他不敢再随口说一句“我没事”,牢牢记住刚才脱口而出后的失误,老老实实袒露着身体的难受,语气卑微又无助:“回去之后我只会更加心神不宁,时时刻刻都在惦记你有没有又偷偷委屈自己,血压有没有再度升高。留在这里,我至少能亲眼看着你,你就算继续冲我发脾气也好,总好过我隔着楼层胡乱揣测。”
监护仪依旧发出规律的滴滴声,江瑶看着他眼底泛起的水光,看着他强撑病体却执意不肯离开的模样,心里那股强硬的逐客之意,又悄悄松动了几分。
她明明满心怨他从前的隐瞒,明明担心他旧疾复发,可看着他这般狼狈又执拗的样子,再硬的心气,也慢慢染上了一层无力。
江瑶心里清楚齐思远的脾气,骨子里执拗得很,自己若是态度一直强硬,他是断然不肯乖乖回病房休养的。再看向他泛红的眼眶,眼底藏着委屈与惶然,方才到了嘴边的重话,终究是怎么也说不出口了。
病房里安静了片刻,她轻轻摩挲着隆起的小腹,语气褪去了之前强硬的驱赶意味,多了几分无奈的轻叹。
“这几天闹出来的所有事,从头到尾都是你一手造成的。”她缓缓开口,刻意板起一点神色,想稍稍冲淡眼下太过沉重的气氛,“现在还红着眼眶跟受了莫大委屈一样哭鼻子,你也不想想肚子里的孩子说不定都能感知到,小家伙要是看得清清楚楚,回头都要笑话他爸爸太过脆弱。”
齐思远闻言猛地一怔,下意识抬手蹭了蹭眼角,慌忙压下涌上鼻尖的酸涩。他方才只顾着害怕被赶走,满心都是惶恐,全然忘了腹中还安稳蜷缩着孩子。被江瑶这么一点醒,窘迫之感瞬间盖过了刚才的低落,原本泛红的眼睫局促地颤动了几下。
胃部的隐痛依旧连绵不绝,胸口的闷堵也没有消散,可他再不敢流露脆弱的神态,强撑着收敛情绪,低声哑声道:“是我失态了。”

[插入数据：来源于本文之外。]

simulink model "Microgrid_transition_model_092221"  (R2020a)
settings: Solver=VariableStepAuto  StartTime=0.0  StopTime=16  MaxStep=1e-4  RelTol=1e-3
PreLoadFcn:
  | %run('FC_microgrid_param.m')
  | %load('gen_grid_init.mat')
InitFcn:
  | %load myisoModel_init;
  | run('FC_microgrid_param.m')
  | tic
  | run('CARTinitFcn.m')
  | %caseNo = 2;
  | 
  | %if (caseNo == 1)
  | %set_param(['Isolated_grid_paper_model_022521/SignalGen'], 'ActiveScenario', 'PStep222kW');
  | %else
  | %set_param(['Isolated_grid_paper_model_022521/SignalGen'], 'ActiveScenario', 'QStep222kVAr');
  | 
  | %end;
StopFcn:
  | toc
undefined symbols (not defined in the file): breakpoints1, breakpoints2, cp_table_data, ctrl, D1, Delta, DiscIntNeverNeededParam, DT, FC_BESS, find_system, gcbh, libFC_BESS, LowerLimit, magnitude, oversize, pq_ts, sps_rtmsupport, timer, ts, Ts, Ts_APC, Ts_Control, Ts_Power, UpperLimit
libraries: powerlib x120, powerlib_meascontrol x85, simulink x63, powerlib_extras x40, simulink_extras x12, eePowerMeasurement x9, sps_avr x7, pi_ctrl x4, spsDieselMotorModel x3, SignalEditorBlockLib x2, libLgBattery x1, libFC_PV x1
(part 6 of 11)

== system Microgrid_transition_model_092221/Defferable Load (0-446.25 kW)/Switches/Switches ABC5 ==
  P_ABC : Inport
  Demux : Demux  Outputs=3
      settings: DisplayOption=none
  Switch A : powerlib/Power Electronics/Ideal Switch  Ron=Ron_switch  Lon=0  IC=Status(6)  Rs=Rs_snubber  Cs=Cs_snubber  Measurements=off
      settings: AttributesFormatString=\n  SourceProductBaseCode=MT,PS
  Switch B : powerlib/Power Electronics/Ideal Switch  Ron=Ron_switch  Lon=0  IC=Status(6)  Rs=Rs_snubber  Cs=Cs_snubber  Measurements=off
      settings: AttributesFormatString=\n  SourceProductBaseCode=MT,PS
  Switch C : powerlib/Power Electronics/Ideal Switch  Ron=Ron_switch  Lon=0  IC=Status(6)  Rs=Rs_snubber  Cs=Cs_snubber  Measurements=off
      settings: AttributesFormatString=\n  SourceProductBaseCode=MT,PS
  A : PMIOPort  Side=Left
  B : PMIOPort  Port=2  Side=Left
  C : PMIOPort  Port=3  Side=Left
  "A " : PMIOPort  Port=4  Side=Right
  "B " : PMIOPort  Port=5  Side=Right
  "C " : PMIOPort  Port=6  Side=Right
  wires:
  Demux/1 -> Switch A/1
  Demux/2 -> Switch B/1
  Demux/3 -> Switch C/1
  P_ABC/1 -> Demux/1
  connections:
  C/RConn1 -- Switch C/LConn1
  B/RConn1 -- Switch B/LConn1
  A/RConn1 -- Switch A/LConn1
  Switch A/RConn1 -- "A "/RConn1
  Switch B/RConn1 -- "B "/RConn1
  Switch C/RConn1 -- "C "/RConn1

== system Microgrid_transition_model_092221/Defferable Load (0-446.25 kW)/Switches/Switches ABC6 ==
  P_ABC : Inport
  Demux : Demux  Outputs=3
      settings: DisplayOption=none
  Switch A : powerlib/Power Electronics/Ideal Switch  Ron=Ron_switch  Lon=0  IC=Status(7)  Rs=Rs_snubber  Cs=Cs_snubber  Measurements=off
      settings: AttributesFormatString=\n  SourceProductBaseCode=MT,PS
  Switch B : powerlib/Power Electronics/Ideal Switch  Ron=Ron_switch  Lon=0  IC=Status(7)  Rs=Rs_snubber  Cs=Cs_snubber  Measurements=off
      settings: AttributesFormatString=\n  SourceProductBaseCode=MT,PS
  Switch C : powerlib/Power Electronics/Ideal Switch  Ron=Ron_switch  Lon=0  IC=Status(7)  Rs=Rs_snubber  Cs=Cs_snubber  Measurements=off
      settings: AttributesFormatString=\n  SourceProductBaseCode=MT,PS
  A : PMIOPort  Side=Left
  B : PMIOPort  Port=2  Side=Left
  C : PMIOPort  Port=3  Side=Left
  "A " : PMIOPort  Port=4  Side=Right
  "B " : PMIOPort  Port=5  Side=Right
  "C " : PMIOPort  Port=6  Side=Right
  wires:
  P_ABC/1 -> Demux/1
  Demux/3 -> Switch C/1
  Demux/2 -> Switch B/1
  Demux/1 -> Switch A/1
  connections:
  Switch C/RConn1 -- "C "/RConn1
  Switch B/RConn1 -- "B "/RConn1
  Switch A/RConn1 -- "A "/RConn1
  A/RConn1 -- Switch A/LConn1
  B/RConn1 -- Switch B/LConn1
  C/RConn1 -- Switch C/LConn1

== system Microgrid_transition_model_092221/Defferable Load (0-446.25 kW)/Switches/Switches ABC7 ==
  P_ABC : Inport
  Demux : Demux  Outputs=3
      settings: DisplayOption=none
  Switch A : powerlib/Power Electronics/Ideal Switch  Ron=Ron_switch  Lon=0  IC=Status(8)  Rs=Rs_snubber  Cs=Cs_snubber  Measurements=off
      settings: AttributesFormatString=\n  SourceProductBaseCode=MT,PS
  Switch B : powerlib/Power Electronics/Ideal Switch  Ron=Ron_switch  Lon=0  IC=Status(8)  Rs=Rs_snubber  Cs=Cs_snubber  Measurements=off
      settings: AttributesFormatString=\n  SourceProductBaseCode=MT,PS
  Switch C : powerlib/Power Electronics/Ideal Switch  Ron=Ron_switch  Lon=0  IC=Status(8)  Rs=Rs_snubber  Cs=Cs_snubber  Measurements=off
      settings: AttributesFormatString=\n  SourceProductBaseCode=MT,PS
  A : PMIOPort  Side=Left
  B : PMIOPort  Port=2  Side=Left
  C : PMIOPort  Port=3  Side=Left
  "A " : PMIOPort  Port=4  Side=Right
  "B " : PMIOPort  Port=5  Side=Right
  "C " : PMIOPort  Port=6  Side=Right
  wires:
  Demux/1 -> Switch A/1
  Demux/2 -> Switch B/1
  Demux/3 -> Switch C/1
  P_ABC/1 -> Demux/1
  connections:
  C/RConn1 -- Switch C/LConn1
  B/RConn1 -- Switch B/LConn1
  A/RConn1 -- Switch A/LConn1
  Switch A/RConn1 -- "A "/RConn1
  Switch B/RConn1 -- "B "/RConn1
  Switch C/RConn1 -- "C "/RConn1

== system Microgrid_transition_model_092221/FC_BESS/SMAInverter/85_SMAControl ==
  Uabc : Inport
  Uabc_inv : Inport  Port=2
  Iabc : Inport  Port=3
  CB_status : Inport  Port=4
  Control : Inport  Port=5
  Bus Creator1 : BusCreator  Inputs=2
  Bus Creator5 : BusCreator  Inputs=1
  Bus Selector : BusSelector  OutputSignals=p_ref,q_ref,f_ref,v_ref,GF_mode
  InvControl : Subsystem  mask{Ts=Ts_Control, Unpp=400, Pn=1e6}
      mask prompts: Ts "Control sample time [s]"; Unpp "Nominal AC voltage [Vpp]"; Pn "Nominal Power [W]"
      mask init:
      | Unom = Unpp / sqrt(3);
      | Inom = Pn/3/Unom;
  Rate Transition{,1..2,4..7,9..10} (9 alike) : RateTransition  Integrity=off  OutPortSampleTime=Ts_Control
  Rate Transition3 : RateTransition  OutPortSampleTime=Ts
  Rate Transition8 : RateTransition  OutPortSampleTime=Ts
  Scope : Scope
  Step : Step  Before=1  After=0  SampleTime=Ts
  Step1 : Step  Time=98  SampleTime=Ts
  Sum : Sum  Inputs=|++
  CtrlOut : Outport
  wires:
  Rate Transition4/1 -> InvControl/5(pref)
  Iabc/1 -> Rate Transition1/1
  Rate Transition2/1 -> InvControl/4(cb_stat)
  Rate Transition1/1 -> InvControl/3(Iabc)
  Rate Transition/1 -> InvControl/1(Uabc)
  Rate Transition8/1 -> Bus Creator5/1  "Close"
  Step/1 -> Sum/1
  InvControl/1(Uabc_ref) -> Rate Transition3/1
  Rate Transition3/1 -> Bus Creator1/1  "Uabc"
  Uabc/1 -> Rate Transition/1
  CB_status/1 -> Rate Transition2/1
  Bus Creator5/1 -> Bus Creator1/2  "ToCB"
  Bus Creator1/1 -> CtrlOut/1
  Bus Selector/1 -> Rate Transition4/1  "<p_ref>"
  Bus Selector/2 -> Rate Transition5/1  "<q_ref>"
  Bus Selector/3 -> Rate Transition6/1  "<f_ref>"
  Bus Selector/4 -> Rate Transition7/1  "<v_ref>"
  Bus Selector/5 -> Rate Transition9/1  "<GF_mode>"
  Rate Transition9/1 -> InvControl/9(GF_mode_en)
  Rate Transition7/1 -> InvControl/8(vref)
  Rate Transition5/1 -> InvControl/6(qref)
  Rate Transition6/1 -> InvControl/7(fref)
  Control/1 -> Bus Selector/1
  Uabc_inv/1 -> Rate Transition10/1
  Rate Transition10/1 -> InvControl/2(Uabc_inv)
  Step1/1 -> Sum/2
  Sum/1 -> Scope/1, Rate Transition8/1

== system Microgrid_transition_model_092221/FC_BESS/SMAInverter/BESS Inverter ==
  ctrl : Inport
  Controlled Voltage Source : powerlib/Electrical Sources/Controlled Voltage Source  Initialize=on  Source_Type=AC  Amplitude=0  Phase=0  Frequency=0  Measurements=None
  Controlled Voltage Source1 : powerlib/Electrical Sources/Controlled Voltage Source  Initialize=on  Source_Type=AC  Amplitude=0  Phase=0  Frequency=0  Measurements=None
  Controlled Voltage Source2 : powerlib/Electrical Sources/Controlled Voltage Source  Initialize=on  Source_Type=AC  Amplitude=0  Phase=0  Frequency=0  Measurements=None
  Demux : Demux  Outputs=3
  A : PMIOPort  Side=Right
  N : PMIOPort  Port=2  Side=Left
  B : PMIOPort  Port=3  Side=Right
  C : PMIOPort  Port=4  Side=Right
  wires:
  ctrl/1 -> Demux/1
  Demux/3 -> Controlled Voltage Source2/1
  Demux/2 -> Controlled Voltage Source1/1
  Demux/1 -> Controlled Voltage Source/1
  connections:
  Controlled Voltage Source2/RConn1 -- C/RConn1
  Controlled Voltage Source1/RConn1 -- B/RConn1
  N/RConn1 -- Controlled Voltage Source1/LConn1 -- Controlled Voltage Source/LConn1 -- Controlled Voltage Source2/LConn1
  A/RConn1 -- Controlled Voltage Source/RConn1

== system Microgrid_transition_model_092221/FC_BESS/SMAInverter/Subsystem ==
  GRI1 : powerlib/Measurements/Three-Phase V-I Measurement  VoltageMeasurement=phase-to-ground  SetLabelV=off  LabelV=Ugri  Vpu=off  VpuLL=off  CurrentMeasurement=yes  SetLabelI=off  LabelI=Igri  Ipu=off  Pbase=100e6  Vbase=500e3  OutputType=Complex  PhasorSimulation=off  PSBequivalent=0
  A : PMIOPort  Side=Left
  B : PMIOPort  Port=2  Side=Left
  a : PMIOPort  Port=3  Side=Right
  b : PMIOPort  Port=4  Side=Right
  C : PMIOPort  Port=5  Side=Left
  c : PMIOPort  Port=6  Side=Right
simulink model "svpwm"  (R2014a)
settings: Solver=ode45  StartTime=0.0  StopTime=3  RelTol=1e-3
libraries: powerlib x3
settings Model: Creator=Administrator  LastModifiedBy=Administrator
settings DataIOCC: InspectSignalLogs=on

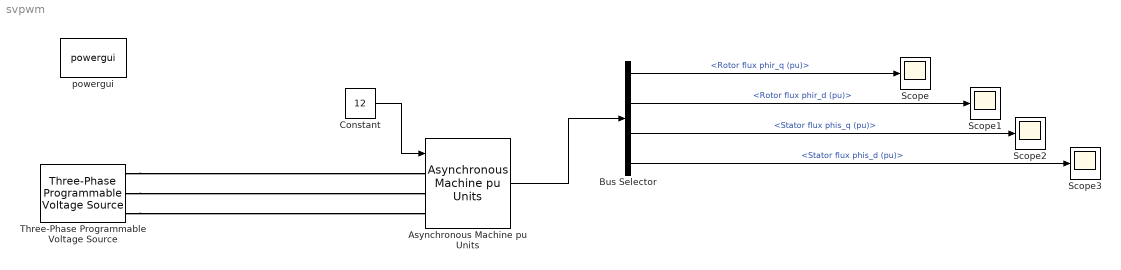
== system svpwm ==
  Asynchronous Machine pu Units : powerlib/Machines/Asynchronous Machine pu Units  PresetModel=No  MechanicalLoad=Torque Tm  ShowDetailedParameters=on  RotorType=Squirrel-cage  ReferenceFrame=Rotor  Units=pu  MeasurementBus=off  NominalParameters=[3730 460 60]  Stator=[0.01965 0.0397]  Rotor=[0.01909 0.0397]  Cage1=[0.01909 0.0397]  Cage2=[0.01909 0.0397]  Lm=1.354  Mechanical=[0.09526 0.05479 2]  PolePairs=2  InitialConditions="[ 1,0   0,0,0   0,0,0 ]"  SimulateSaturation=off  Saturation="[0.212,0.4201,0.8125,1.0979,1.4799,2.2457,3.2586,4.5763,6.4763 ;   0.5,0.7,0.9,1,1.1,1.2 ,1.3,1.4,1.5]"  LoadFlowParameters=0  TsPowergui=0  TsBlock=0.00001  IterativeModel=Trapezoidal non iterative  Pmec=0.0000000001
  Bus Selector : BusSelector  OutputSignals=Rotor measurements.Rotor flux phir_q (pu),Rotor measurements.Rotor flux phir_d (pu),Stator measurements.Stator flux phis_q (pu),Stator measurements.Stator flux phis_d (pu)
  Constant : Constant  Value=12
  Scope{,1..3} (4 alike) : Scope
      Scope settings: YMin=-0.0008  YMax=0.0008
      Scope1 settings: YMin=-0.0005  YMax=0.0005
      Scope2 settings: YMin=-0.225  YMax=0.225  SaveName=ScopeData2
      Scope3 settings: YMin=-0.0008  YMax=0.0008  SaveName=ScopeData3
  Three-Phase Programmable Voltage Source : powerlib/Electrical Sources/Three-Phase Programmable Voltage Source  PositiveSequence="[100  0 60]"  VariationEntity=None  VariationType=Table of time-amplitude pairs  VariationTypeAlt=Step  VariationStep=0.5  VariationRate=10  VariationMagnitude=0.3  VariationFrequency=2  VariationTiming=[1 2]  VariationPhaseA=off  Amplitudes=[1 0.8 1.2 1.0]  TimeValues=[0 0.1 0.15 0.2]  HarmonicGeneration=off  HarmonicA=[3 0.2 -25 0]  HarmonicB=[2 0.15 35 2]  Timing="[0.05  3]"  BusType=swing  Pref=0  Qref=0  Qmin=-inf  Qmax=inf
  powergui : powerlib/powergui  Priority=1  SimulationMode=Continuous  SolverType=Tustin  SampleTime=50e-6  frequency=60  SPID=off  DisableSnubberDevices=off  DisableRonSwitches=off  DisableVfSwitches=off  SwTol=0  Interpol=off  DisplayEquations=off  Ts=0  methode=off  frequencyindice=60  Pbase=100e6  ErrMax=1e-4  Iterations=50  UnitsV=kV  UnitsW=MW  FunctionMessages=off  echomessages=off  HookPort=off  EnableUseOfTLC=off  x0status=blocks  RestoreLinks=warning  ResistiveCurrentMeasurement=off  Frange=[0:2:500]  Ylog=off  Xlog=on  ShowGrid=off  save=off  variable=ZData  structure=0  ZoomFFT=off  StartTime=0.0  cycles=1  DisplayStyle=1  fundamental=60  FreqAxis=off  MaxFrequency=1000  frequencyindicesteady=1  RmsSteady=1  display=off
  wires:
  Asynchronous Machine pu Units/1 -> Bus Selector/1
  Bus Selector/1 -> Scope/1  "<Rotor flux phir_q (pu)>"
  Bus Selector/2 -> Scope1/1  "<Rotor flux phir_d (pu)>"
  Constant/1 -> Asynchronous Machine pu Units/1
  Bus Selector/3 -> Scope2/1  "<Stator flux phis_q (pu)>"
  Bus Selector/4 -> Scope3/1  "<Stator flux phis_d (pu)>"
  connections:
  Three-Phase Programmable Voltage Source/RConn1 -- Asynchronous Machine pu Units/LConn1
  Three-Phase Programmable Voltage Source/RConn2 -- Asynchronous Machine pu Units/LConn2
  Three-Phase Programmable Voltage Source/RConn3 -- Asynchronous Machine pu Units/LConn3

“知道失态就安分坐着。”江瑶收回目光,重新靠回床头,氧气管依旧贴在鼻翼,“我暂且不赶你回去,但你必须老实交代身体感受,心口难受、胃痛加重,立刻就说,不许再自作主张硬扛。要是因为强撑在这里把病情搞严重,我依旧会让周凯把你强行送回去。”
齐思远紧绷的心骤然松了大半,悬在半空的石头总算轻轻落地。他连忙轻轻点头,坐姿都规矩了不少,目光不自觉温柔地落在江瑶的小腹上,心里又愧疚又柔软。
“我记住了,绝对不再逞强。”
他终于得以留在这间病房里,不用再被迫离开独自煎熬,只是清楚这份留下来的许可来之不易,往后每一分每一秒,都要学着改掉往日里独自隐忍的毛病,学着坦诚,学着正视自己的过错。
江瑶看着他收敛了委屈、拘谨坐在一旁的模样,心里的火气早已经散了大半。她微微倾身,抬手轻轻拍了拍齐思远放在膝头的手背,触手一片冰凉,带着大病初愈后的寒凉,几乎没有什么温度。
下意识的举动胜过心里所有的隔阂,她指尖微微收拢,轻轻握住了他微凉的手掌,下意识想用自己掌心的温度,稍稍焐热这双发凉的手。可嘴上依旧不肯轻易饶过他,语气里带着埋怨,藏着长久积攒下来的失望。
“光凭着嘴上答应可一点用处都没有。”江瑶的目光落在两人交握的手上,语调淡淡的,却句句戳在要害,“从前你反反复复跟我保证过多少次,说以后再也不会刻意隐瞒,不会遇事独自硬撑,结果呢?次次都只是随口的承诺,非要硬生生闯出一场大祸,险些把我们两个人都拖进险境里,你才肯想着要改正。”